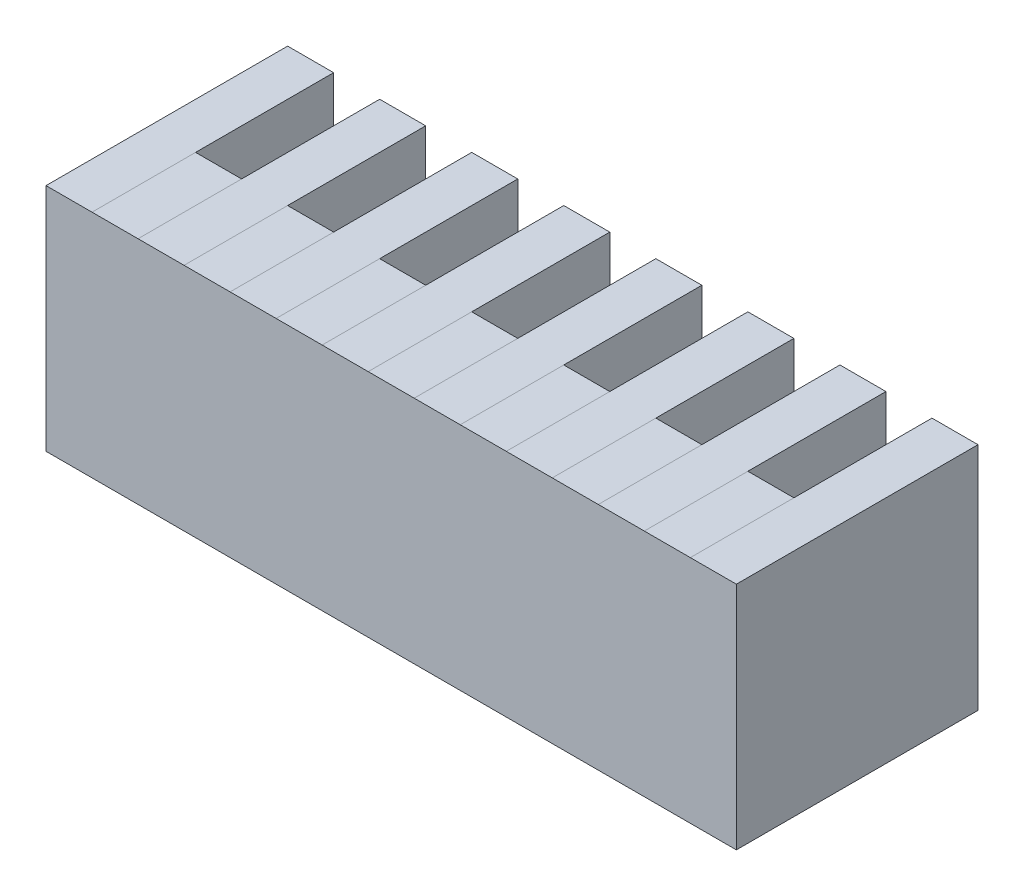
SolidWorks part; units mm, degrees
ref_plane "Front Plane" through (0, 0, 0) normal (0, 0, 1) x (1, 0, 0)
ref_plane "Top Plane" through (0, 0, 0) normal (0, 1, 0) x (1, 0, 0)
ref_plane "Right Plane" through (0, 0, 0) normal (1, 0, 0) x (0, 0, -1)
sketch "Sketch1" plane through (0, 0, 0) normal (0, 0, 1) x (1, 0, 0)
  line L1 (0, 0) -> (30, 0)
  line L2 (0, 0) -> (0, 10)
  line L3 (0, 10) -> (30, 10)
  line L4 (30, 0) -> (30, 10)
  dimension "D1" = 30
  dimension "D2" = 10
extrude "Boss-Extrude1" add sketch "Sketch1" along normal blind 10.5
sketch "Sketch3" plane through (0, 0, 0) normal (0, -1, 0) x (1, 0, 0)
  line L0 (0, 0) -> (30, 0) construction
  line L2 (2, 0) -> (2, 6)
  line L3 (2, 6) -> (4, 6)
  line L4 (4, 0) -> (4, 6)
  line L5 (0, 10.5) -> (0, 0) construction
  dimension "D1" = 2
  dimension "D2" = 2
  dimension "D3" = 6
extrude "Cut-Extrude1" cut sketch "Sketch3" against normal through all and the other way through all
pattern_linear "LPattern1" count 13 spacing 2 along (1, 0, 0) skipping (1, 0), (3, 0), (5, 0), (7, 0), (9, 0), (11, 0) of "Cut-Extrude1"
sketch "Sketch4" plane through (0, 0, 0) normal (0, -1, 0) x (1, 0, 0)
  line L0 (2, 6) -> (2, 10.5)
  line L1 (0, 10.5) -> (30, 10.5) construction
  line L2 (4, 6) -> (4, 10.5)
  line L3 (6, 6) -> (6, 10.5)
  line L4 (8, 6) -> (8, 10.5)
  line L5 (10, 6) -> (10, 10.5)
  line L6 (12, 6) -> (12, 10.5)
  line L7 (14, 6) -> (14, 10.5)
  line L8 (16, 6) -> (16, 10.5)
  line L9 (18, 6) -> (18, 10.5)
  line L10 (20, 6) -> (20, 10.5)
  line L11 (22, 6) -> (22, 10.5)
  line L12 (24, 6) -> (24, 10.5)
  line L13 (26, 6) -> (26, 10.5)
  line L14 (28, 6) -> (28, 10.5)
  dimension "D1" = 14
split line "Split Line1"
sketch "Sketch5" plane through (0, 10, 0) normal (0, 1, 0) x (1, 0, 0)
  line L0 (28, -6) -> (28, -10.5)
  line L1 (30, -10.5) -> (0, -10.5) construction
  line L2 (26, -6) -> (26, -10.5)
  line L3 (24, -6) -> (24, -10.5)
  line L4 (22, -6) -> (22, -10.5)
  line L5 (20, -6) -> (20, -10.5)
  line L6 (18, -6) -> (18, -10.5)
  line L7 (16, -6) -> (16, -10.5)
  line L8 (14, -6) -> (14, -10.5)
  line L9 (12, -6) -> (12, -10.5)
  line L10 (10, -6) -> (10, -10.5)
  line L11 (8, -6) -> (8, -10.5)
  line L12 (6, -6) -> (6, -10.5)
  line L13 (4, -6) -> (4, -10.5)
  line L14 (2, -6) -> (2, -10.5)
  dimension "D1" = 14
split line "Split Line2"
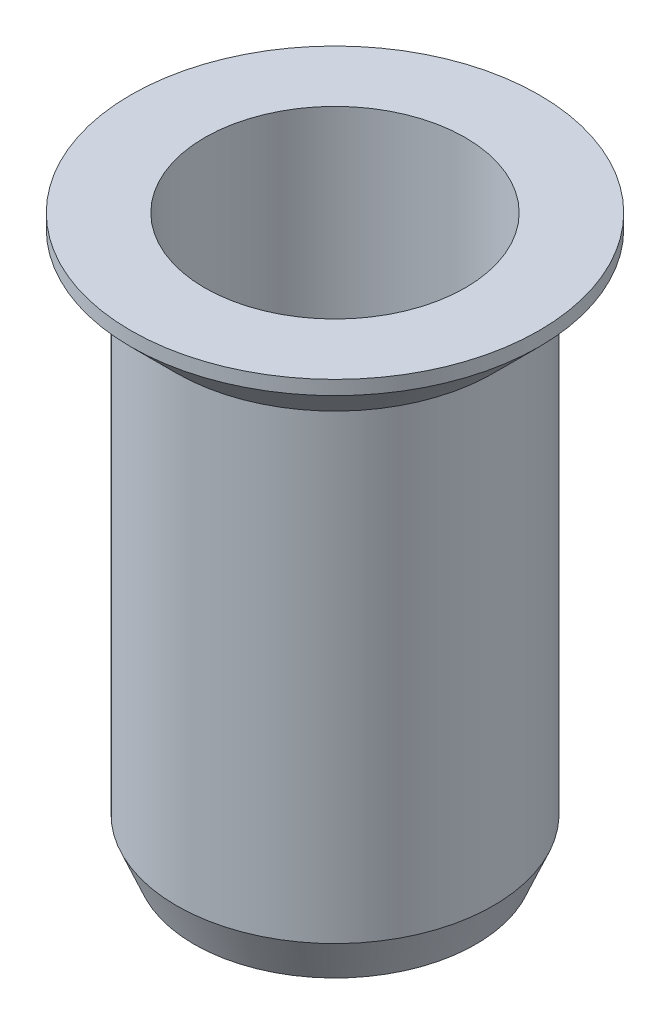
SolidWorks part; units mm, degrees
material "Acier non allié"
ref_plane "Plan de face" through (0, 0, 0) normal (0, 0, 1) x (1, 0, 0)
ref_plane "Plan de dessus" through (0, 0, 0) normal (0, 1, 0) x (1, 0, 0)
ref_plane "Plan de droite" through (0, 0, 0) normal (1, 0, 0) x (0, 0, -1)
sketch "Esquisse1" plane through (0, 0, 0) normal (0, 0, 1) x (1, 0, 0)
  line L0 (0, 0) -> (0, 47.77) construction
  line L1 (0, 0) -> (3.7, 0) construction
  line L2 (3.7, 9) -> (3.7, 16)
  line L3 (3.7, 16) -> (5.8, 16)
  line L4 (5.8, 16) -> (5.8, 15.6)
  line L5 (5.8, 15.6) -> (4.5, 14.3)
  line L6 (4.5, 14.3) -> (4.5, 1.2)
  line L7 (4.5, 1.2) -> (4, 0)
  line L8 (4, 0) -> (3.7, 0)
  line L10 (3.7, 0) -> (3, 0)
  line L12 (3.7, 9) -> (3, 9)
  line L13 (3, 0) -> (3, 9)
  dimension "D1" = 3.7
  dimension "D2" = 4
  dimension "D3" = 4.5
  dimension "D4" = 1.2
  dimension "D5" = 16
  dimension "D6" = 0.4
  dimension "D7" = 135
  dimension "D8" = 3
  dimension "D9" = 9
  dimension "D10" = 5.8
  dimension "D11" = 1.3
revolve "Révolution1" add sketch "Esquisse1" angle 360 about L0
•••
■ What is expected ■
Output the listing exactly, pictures excluded.

■ Problem solution ■
SolidWorks part; units mm, degrees
ref_plane "Front Plane" through (0, 0, 0) normal (0, 0, 1) x (1, 0, 0)
ref_plane "Top Plane" through (0, 0, 0) normal (0, 1, 0) x (1, 0, 0)
ref_plane "Right Plane" through (0, 0, 0) normal (1, 0, 0) x (0, 0, -1)
sketch "Sketch1" plane through (0, 0, 0) normal (0, 0, 1) x (1, 0, 0)
  line L1 (0, 0) -> (30, 0)
  line L2 (0, 0) -> (0, 10)
  line L3 (0, 10) -> (30, 10)
  line L4 (30, 0) -> (30, 10)
  dimension "D1" = 30
  dimension "D2" = 10
extrude "Boss-Extrude1" add sketch "Sketch1" along normal blind 10.5
sketch "Sketch3" plane through (0, 0, 0) normal (0, -1, 0) x (1, 0, 0)
  line L0 (0, 0) -> (30, 0) construction
  line L2 (2, 0) -> (2, 6)
  line L3 (2, 6) -> (4, 6)
  line L4 (4, 0) -> (4, 6)
  line L5 (0, 10.5) -> (0, 0) construction
  dimension "D1" = 2
  dimension "D2" = 2
  dimension "D3" = 6
extrude "Cut-Extrude1" cut sketch "Sketch3" against normal through all and the other way through all
pattern_linear "LPattern1" count 13 spacing 2 along (1, 0, 0) skipping (1, 0), (3, 0), (5, 0), (7, 0), (9, 0), (11, 0) of "Cut-Extrude1"
sketch "Sketch4" plane through (0, 0, 0) normal (0, -1, 0) x (1, 0, 0)
  line L0 (2, 6) -> (2, 10.5)
  line L1 (0, 10.5) -> (30, 10.5) construction
  line L2 (4, 6) -> (4, 10.5)
  line L3 (6, 6) -> (6, 10.5)
  line L4 (8, 6) -> (8, 10.5)
  line L5 (10, 6) -> (10, 10.5)
  line L6 (12, 6) -> (12, 10.5)
  line L7 (14, 6) -> (14, 10.5)
  line L8 (16, 6) -> (16, 10.5)
  line L9 (18, 6) -> (18, 10.5)
  line L10 (20, 6) -> (20, 10.5)
  line L11 (22, 6) -> (22, 10.5)
  line L12 (24, 6) -> (24, 10.5)
  line L13 (26, 6) -> (26, 10.5)
  line L14 (28, 6) -> (28, 10.5)
  dimension "D1" = 14
split line "Split Line1"
sketch "Sketch5" plane through (0, 10, 0) normal (0, 1, 0) x (1, 0, 0)
  line L0 (28, -6) -> (28, -10.5)
  line L1 (30, -10.5) -> (0, -10.5) construction
  line L2 (26, -6) -> (26, -10.5)
  line L3 (24, -6) -> (24, -10.5)
  line L4 (22, -6) -> (22, -10.5)
  line L5 (20, -6) -> (20, -10.5)
  line L6 (18, -6) -> (18, -10.5)
  line L7 (16, -6) -> (16, -10.5)
  line L8 (14, -6) -> (14, -10.5)
  line L9 (12, -6) -> (12, -10.5)
  line L10 (10, -6) -> (10, -10.5)
  line L11 (8, -6) -> (8, -10.5)
  line L12 (6, -6) -> (6, -10.5)
  line L13 (4, -6) -> (4, -10.5)
  line L14 (2, -6) -> (2, -10.5)
  dimension "D1" = 14
split line "Split Line2"
SolidWorks part; units mm, degrees
material "Acier non allié"
ref_plane "Plan de face" through (0, 0, 0) normal (0, 0, 1) x (1, 0, 0)
ref_plane "Plan de dessus" through (0, 0, 0) normal (0, 1, 0) x (1, 0, 0)
ref_plane "Plan de droite" through (0, 0, 0) normal (1, 0, 0) x (0, 0, -1)
sketch "Esquisse1" plane through (0, 0, 0) normal (0, 0, 1) x (1, 0, 0)
  line L0 (0, 0) -> (0, 47.77) construction
  line L1 (0, 0) -> (3.7, 0) construction
  line L2 (3.7, 9) -> (3.7, 16)
  line L3 (3.7, 16) -> (5.8, 16)
  line L4 (5.8, 16) -> (5.8, 15.6)
  line L5 (5.8, 15.6) -> (4.5, 14.3)
  line L6 (4.5, 14.3) -> (4.5, 1.2)
  line L7 (4.5, 1.2) -> (4, 0)
  line L8 (4, 0) -> (3.7, 0)
  line L10 (3.7, 0) -> (3, 0)
  line L12 (3.7, 9) -> (3, 9)
  line L13 (3, 0) -> (3, 9)
  dimension "D1" = 3.7
  dimension "D2" = 4
  dimension "D3" = 4.5
  dimension "D4" = 1.2
  dimension "D5" = 16
  dimension "D6" = 0.4
  dimension "D7" = 135
  dimension "D8" = 3
  dimension "D9" = 9
  dimension "D10" = 5.8
  dimension "D11" = 1.3
revolve "Révolution1" add sketch "Esquisse1" angle 360 about L0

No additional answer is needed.